- **What to work on**
Look through the listing below for lines containing "None". State how many there are, and nothing else.

- **Supplied data**
========================

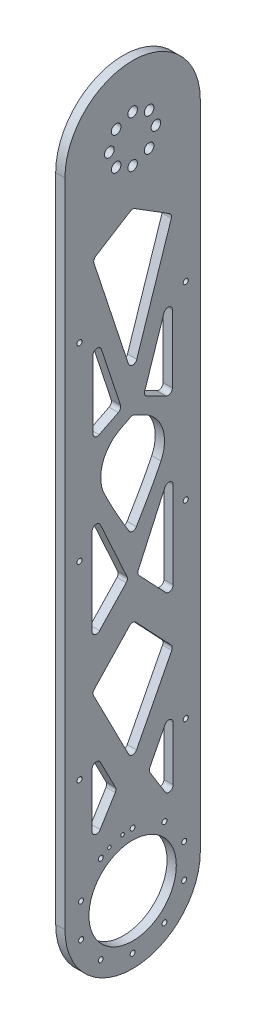
from build123d import *

# Parameters (mm, degrees)
SKETCH1_R                            = 3.3
SKETCH1_R_2                          = 1.7
SKETCH1_R_3                          = 26
BOSS_EXTRUDE1_DEPTH                  = 6.35
CUT_EXTRUDE1_DEPTH                   = 549.511460682
FILLET1_R                            = 3
SKETCH4_R                            = 1.75
CUT_EXTRUDE2_DEPTH                   = 549.511460792
SKETCH5_R                            = 1.2
CUT_EXTRUDE4_DEPTH                   = 549.511460792
BOSS_EXTRUDE2_START                  = -6.35
BOSS_EXTRUDE2_DEPTH                  = 6.35
TAP_DRILL_FOR_M3X0_5_TAP1_AT_2_COUNT = 2
TAP_DRILL_FOR_M3X0_5_TAP1_AT_2_PITCH = 13.03070812
CIRPATTERN1_COUNT                    = 2
CIRPATTERN1_ANGLE                    = 90
CUT_EXTRUDE5_DEPTH                   = 549.511460792
SKETCH10_R                           = 30
CUT_EXTRUDE6_DEPTH                   = 549.511460792
SKETCH11_W                           = 93
SKETCH11_H                           = 52.717688801
CUT_EXTRUDE7_DEPTH                   = 549.511460792
BOSS_EXTRUDE3_DEPTH                  = 6.35
SKETCH13_R                           = 1.75
CUT_EXTRUDE8_DEPTH                   = 549.511460792
SKETCH14_R                           = 1.75
BOSS_EXTRUDE4_DEPTH                  = 6.35


with BuildPart() as part:
    # Sketch1 → Boss-Extrude1 (new body)
    with BuildSketch(Plane(origin=(0, 0, 0), x_dir=(0, -1, 0), z_dir=(1, 0, 0))):
        with BuildLine():
            Line((0, 46.5), (500, 46.5))
            ThreePointArc((500, 46.5), (546.5, 0), (500, -46.5))
            Line((500, -46.5), (0, -46.5))
            ThreePointArc((0, -46.5), (-46.5, 0), (0, 46.5))
        make_face()
        with Locations(Location((-16, 0, 0), (0, 0, 90))):
            Circle(SKETCH1_R, mode=Mode.SUBTRACT)
        with Locations(Location((-11.313708499, 11.313708499, 0), (0, 0, 90))):
            Circle(SKETCH1_R, mode=Mode.SUBTRACT)
        with Locations(Location((0, 16, 0), (0, 0, 90))):
            Circle(SKETCH1_R, mode=Mode.SUBTRACT)
        with Locations(Location((11.313708499, 11.313708499, 0), (0, 0, 90))):
            Circle(SKETCH1_R, mode=Mode.SUBTRACT)
        with Locations(Location((16, 0, 0), (0, 0, 90))):
            Circle(SKETCH1_R, mode=Mode.SUBTRACT)
        with Locations(Location((11.313708499, -11.313708499, 0), (0, 0, 90))):
            Circle(SKETCH1_R, mode=Mode.SUBTRACT)
        with Locations(Location((537.25, 0, 0), (0, 0, 90))):
            Circle(SKETCH1_R_2, mode=Mode.SUBTRACT)
        with Locations(Location((530.13588304, -21.895000648, 0), (0, 0, 90))):
            Circle(SKETCH1_R_2, mode=Mode.SUBTRACT)
        with Locations(Location((511.51088304, -35.426855232, 0), (0, 0, 90))):
            Circle(SKETCH1_R_2, mode=Mode.SUBTRACT)
        with Locations(Location((488.48911696, -35.426855232, 0), (0, 0, 90))):
            Circle(SKETCH1_R_2, mode=Mode.SUBTRACT)
        with Locations(Location((469.86411696, -21.895000648, 0), (0, 0, 90))):
            Circle(SKETCH1_R_2, mode=Mode.SUBTRACT)
        with Locations(Location((462.75, 0, 0), (0, 0, 90))):
            Circle(SKETCH1_R_2, mode=Mode.SUBTRACT)
        with Locations(Location((469.86411696, 21.895000648, 0), (0, 0, 90))):
            Circle(SKETCH1_R_2, mode=Mode.SUBTRACT)
        with Locations(Location((488.48911696, 35.426855232, 0), (0, 0, 90))):
            Circle(SKETCH1_R_2, mode=Mode.SUBTRACT)
        with Locations(Location((511.51088304, 35.426855232, 0), (0, 0, 90))):
            Circle(SKETCH1_R_2, mode=Mode.SUBTRACT)
        with Locations(Location((530.13588304, 21.895000648, 0), (0, 0, 90))):
            Circle(SKETCH1_R_2, mode=Mode.SUBTRACT)
        with Locations(Location((500, 0, 0), (0, 0, 90))):
            Circle(SKETCH1_R_3, mode=Mode.SUBTRACT)
        with Locations(Location((0, -16, 0), (0, 0, 90))):
            Circle(SKETCH1_R, mode=Mode.SUBTRACT)
        with Locations(Location((-11.313708499, -11.313708499, 0), (0, 0, 90))):
            Circle(SKETCH1_R, mode=Mode.SUBTRACT)
    extrude(amount=BOSS_EXTRUDE1_DEPTH)

    # Sketch3 → Cut-Extrude1 (cut, through all)
    with BuildSketch(Plane(origin=(6.35, 0, 0), x_dir=(0, 0, -1), z_dir=(1, 0, 0))):
        Polygon((0, -422.848022722), (27.858212922, -368.632839363), (0, -339.139268075), (-27.858212922, -368.632839363), align=None)
        Polygon((0, -41.368651369), (-27.312924288, -58.435222232), (0, -141.248998295), (27.312924288, -58.435222232), align=None)
        Polygon((3, -313.189087212), (27.858212922, -339.506549748), (27.858212922, -258.646044282), align=None)
        Polygon((-27.858212922, -339.506549748), (-27.858212922, -258.646044282), (-3, -313.189087212), align=None)
        Polygon((-27.858212922, -401.452857349), (-11, -434.260816252), (-27.858212922, -461.481824785), align=None)
        Polygon((11, -434.260816252), (27.858212922, -461.481824785), (27.858212922, -401.452857349), align=None)
        with BuildLine():
            Line((0, -164.248853344), (-27.858212922, -178.200474573))
            add(Edge.make_bspline(
                [(-27.858212922, -178.200474573), (-43.7790539, -216.093343216), (-18.61661693, -258.276071598), (0, -289.085024731)],
                knots=[0, 0, 0, 0, 1, 1, 1, 1], degree=3))
            add(Edge.make_bspline(
                [(27.858212922, -178.200474573), (43.7790539, -216.093343216), (18.61661693, -258.276071598), (0, -289.085024731)],
                knots=[0, 0, 0, 0, 1, 1, 1, 1], degree=3))
            Line((27.858212922, -178.200474573), (0, -164.248853344))
        make_face()
        Polygon((7.5, -156.820958214), (27.312924288, -96.747453897), (27.312924288, -166.743432993), align=None)
        Polygon((-27.312924288, -96.747453897), (-27.312924288, -166.743432993), (-7.5, -156.820958214), align=None)
    extrude(amount=-CUT_EXTRUDE1_DEPTH, mode=Mode.SUBTRACT)

    # Fillet1
    fillet1_edges = [part.edges().sort_by_distance(p)[0] for p in [
        (3.175, -58.435222232, -27.312924288),
        (3.175, -41.368651369, 0),
        (3.175, -58.435222232, 27.312924288),
        (3.175, -141.248998295, 0),
        (3.175, -289.085024731, 0),
        (3.175, -164.248853344, 0),
        (3.175, -401.452857349, 27.858212922),
        (3.175, -434.260816252, 11),
        (3.175, -461.481824785, 27.858212922),
        (3.175, -461.481824785, -27.858212922),
        (3.175, -434.260816252, -11),
        (3.175, -401.452857349, -27.858212922),
        (3.175, -368.632839363, -27.858212922),
        (3.175, -339.139268075, 0),
        (3.175, -368.632839363, 27.858212922),
        (3.175, -422.848022722, 0),
        (3.175, -313.189087212, 3),
        (3.175, -339.506549748, 27.858212922),
        (3.175, -258.646044282, 27.858212922),
        (3.175, -178.200474573, -27.858212922),
        (3.175, -178.200474573, 27.858212922),
        (3.175, -339.506549748, -27.858212922),
        (3.175, -313.189087212, -3),
        (3.175, -258.646044282, -27.858212922),
        (3.175, -96.747453897, 27.312924288),
        (3.175, -166.743432993, 27.312924288),
        (3.175, -156.820958214, 7.5),
        (3.175, -166.743432993, -27.312924288),
        (3.175, -156.820958214, -7.5),
        (3.175, -96.747453897, -27.312924288),
    ]]
    fillet(fillet1_edges, radius=FILLET1_R)

    # Sketch4 → Cut-Extrude2 (cut, through all)
    with BuildSketch(Plane(origin=(6.35, 0, 0), x_dir=(0, 0, -1), z_dir=(1, 0, 0))):
        with Locations((-36.5, -103.175)):
            Circle(SKETCH4_R)
        with Locations(Location((36.5, -103.175, 0), (0, 0, 180))):
            Circle(SKETCH4_R)
        with Locations(Location((-36.5, -259.525, 0), (0, 0, 180))):
            Circle(SKETCH4_R)
        with Locations((36.5, -259.525)):
            Circle(SKETCH4_R)
        with Locations((-36.5, -415.875)):
            Circle(SKETCH4_R)
        with Locations(Location((36.5, -415.875, 0), (0, 0, 180))):
            Circle(SKETCH4_R)
    extrude(amount=-CUT_EXTRUDE2_DEPTH, mode=Mode.SUBTRACT)

    # Sketch5 → Cut-Extrude4 (cut, through all)
    with BuildSketch(Plane(origin=(6.35, 0, 0), x_dir=(0, 0, -1), z_dir=(1, 0, 0))):
        with Locations((-6.916110339, -463.343078174)):
            Circle(SKETCH5_R)
        with Locations((-15.951147244, -466.27873962)):
            Circle(SKETCH5_R)
    extrude(amount=-CUT_EXTRUDE4_DEPTH, mode=Mode.SUBTRACT)

    # Sketch6 → Boss-Extrude2 (add)
    with BuildSketch(Plane(origin=(6.35, 0, 0), x_dir=(0, 0, -1), z_dir=(1, 0, 0)).offset(BOSS_EXTRUDE2_START)):
        with BuildLine():
            Line((-44.110383395, -529.968247771), (-29.968247771, -544.110383395))
            ThreePointArc((-29.968247771, -544.110383395), (-23.286397782, -542.399293624), (-16.474718596, -543.483717035))
            ThreePointArc((-16.474718596, -543.483717035), (-32.880465325, -532.880465325), (-43.483717035, -516.474718596))
            ThreePointArc((-43.483717035, -516.474718596), (-42.399293624, -523.286397782), (-44.110383395, -529.968247771))
        make_face()
    boss_extrude2 = extrude(amount=BOSS_EXTRUDE2_DEPTH)

    # Sketch8 → Tap Drill for M3x0.5 Tap1 (revolve, cut)
    with BuildSketch(Plane(origin=(3.175, -532.796674896, 41.28195627), x_dir=(0, -0.7071067811865424, -0.7071067811865527), z_dir=(1, 0, 0))):
        Polygon((0, 0), (0, 5.751075774), (1.25, 5), (1.25, 0), align=None)
    tap_drill_for_m3x0_5_tap1 = revolve(axis=Axis((3.175, -537.286802956, 45.772084331), (0, 0.7071067811865529, -0.7071067811865422)), mode=Mode.SUBTRACT)

    # Tap Drill for M3x0.5 Tap1 at 2: Tap Drill for M3x0.5 Tap1 ×2
    with Locations(*[Vector(0, -0.7071067811865422, -0.7071067811865529) * (i * TAP_DRILL_FOR_M3X0_5_TAP1_AT_2_PITCH) for i in range(1, TAP_DRILL_FOR_M3X0_5_TAP1_AT_2_COUNT)]):
        add(tap_drill_for_m3x0_5_tap1, mode=Mode.SUBTRACT)

    # CirPattern1: Boss-Extrude2, Tap Drill for M3x0.5 Tap1 ×2 about axis
    cirpattern1_axis = Axis((0, -500, 0), (1, 0, 0))
    add([boss_extrude2.rotate(cirpattern1_axis, i * CIRPATTERN1_ANGLE / (CIRPATTERN1_COUNT - 1)) for i in range(1, CIRPATTERN1_COUNT)])
    add([tap_drill_for_m3x0_5_tap1.rotate(cirpattern1_axis, i * CIRPATTERN1_ANGLE / (CIRPATTERN1_COUNT - 1)) for i in range(1, CIRPATTERN1_COUNT)], mode=Mode.SUBTRACT)

    # CirPattern1 copy 1 sketch → CirPattern1 copy 1 (revolve, cut)
    with BuildSketch(Plane(origin=(3.175, -532.067854195, -42.010776971), x_dir=(0, 0.7071067811865551, -0.7071067811865399), z_dir=(1, 0, 0))):
        Polygon((0, 0), (0, 5.751075774), (1.25, 5), (1.25, 0), align=None)
    revolve(axis=Axis((3.175, -536.557982255, -46.500905032), (0, 0.7071067811865398, 0.7071067811865553)), mode=Mode.SUBTRACT)

    # Sketch9 → Cut-Extrude5 (cut, through all)
    with BuildSketch(Plane(origin=(6.35, 0, 0), x_dir=(0, 0, -1), z_dir=(1, 0, 0))):
        with BuildLine():
            Line((-43.483717035, -516.474718596), (-63.483717035, -516.474718596))
            ThreePointArc((-63.483717035, -516.474718596), (0, -565.586573942), (63.483717035, -516.474718596))
            Line((63.483717035, -516.474718596), (43.483717035, -516.474718596))
            ThreePointArc((43.483717035, -516.474718596), (0, -546.5), (-43.483717035, -516.474718596))
        make_face()
    extrude(amount=-CUT_EXTRUDE5_DEPTH, mode=Mode.SUBTRACT)

    # Sketch10 → Cut-Extrude6 (cut, through all)
    with BuildSketch(Plane(origin=(6.35, 0, 0), x_dir=(0, 0, -1), z_dir=(1, 0, 0))):
        with Locations((0, -500)):
            Circle(SKETCH10_R)
    extrude(amount=-CUT_EXTRUDE6_DEPTH, mode=Mode.SUBTRACT)

    # Sketch11 → Cut-Extrude7 (cut, through all)
    with BuildSketch(Plane.ZY):
        with Locations((0, -205.625859872)):
            Rectangle(SKETCH11_W, SKETCH11_H)
    extrude(amount=-CUT_EXTRUDE7_DEPTH, mode=Mode.SUBTRACT)


with BuildPart() as cut_extrude7_piece_1:
    # of the separate pieces the step leaves, piece 1, a body of its own (cut_extrude7_pieces)
    add(part.part.solids().sort_by_distance((0, -500, 46.5))[0])


with BuildPart() as cut_extrude7_piece_2:
    # of the separate pieces the step leaves, piece 2, a body of its own (cut_extrude7_pieces)
    add(part.part.solids().sort_by_distance((0, -179.267015471, 46.5))[0])


with BuildPart() as cut_extrude7_piece_2_1:
    # Body-Move/Copy1: moved
    add(cut_extrude7_piece_2.part.moved(Location((0, -52.7176888, 0))))

    # Combine1: union Cut-Extrude7 piece 1
    add(cut_extrude7_piece_1.part)

    # Sketch12 → Boss-Extrude3 (add)
    with BuildSketch(Plane.ZY):
        with BuildLine():
            Line((-8.107077378, -221.026632904), (-26.8521577, -230.414322677))
            ThreePointArc((-26.8521577, -230.414322677), (-27.717865763, -231.066969848), (-28.295067899, -231.984704273))
            add(Edge.make_bspline(
                [(-19.477332048, -254.141993575), (-22.908456866, -246.947780666), (-25.966776611, -239.522857913), (-28.295067899, -231.984704273)],
                knots=[0.341715687, 0.341715687, 0.341715687, 0.341715687, 0.53746001, 0.53746001, 0.53746001, 0.53746001], degree=3))
            ThreePointArc((-19.477332048, -254.141993575), (-20.557337263, -235.261485452), (-8.107077378, -221.026632904))
        make_face()
        with BuildLine():
            Line((8.107077378, -221.026632904), (26.8521577, -230.414322677))
            ThreePointArc((26.8521577, -230.414322677), (27.717865763, -231.066969848), (28.295067899, -231.984704273))
            add(Edge.make_bspline(
                [(19.477332048, -254.141993575), (22.908456866, -246.947780666), (25.966776611, -239.522857913), (28.295067899, -231.984704273)],
                knots=[0.341715687, 0.341715687, 0.341715687, 0.341715687, 0.53746001, 0.53746001, 0.53746001, 0.53746001], degree=3))
            ThreePointArc((19.477332048, -254.141993575), (20.557337263, -235.261485452), (8.107077378, -221.026632904))
        make_face()
    extrude(amount=-BOSS_EXTRUDE3_DEPTH)

    # Sketch13 → Cut-Extrude8 (cut, through all)
    with BuildSketch(Plane.ZY):
        with Locations((-36.5, -285.8838444)):
            Circle(SKETCH13_R)
        with Locations((36.5, -285.8838444)):
            Circle(SKETCH13_R)
    extrude(amount=-CUT_EXTRUDE8_DEPTH, mode=Mode.SUBTRACT)

    # Sketch14 → Boss-Extrude4 (add)
    with BuildSketch(Plane(origin=(6.35, 0, 0), x_dir=(0, 0, -1), z_dir=(1, 0, 0))):
        with Locations((36.5, -259.525)):
            Circle(SKETCH14_R)
        with Locations((-36.5, -259.525)):
            Circle(SKETCH14_R)
    extrude(amount=-BOSS_EXTRUDE4_DEPTH)


solid = cut_extrude7_piece_2_1.part

========================

- **Task response**
10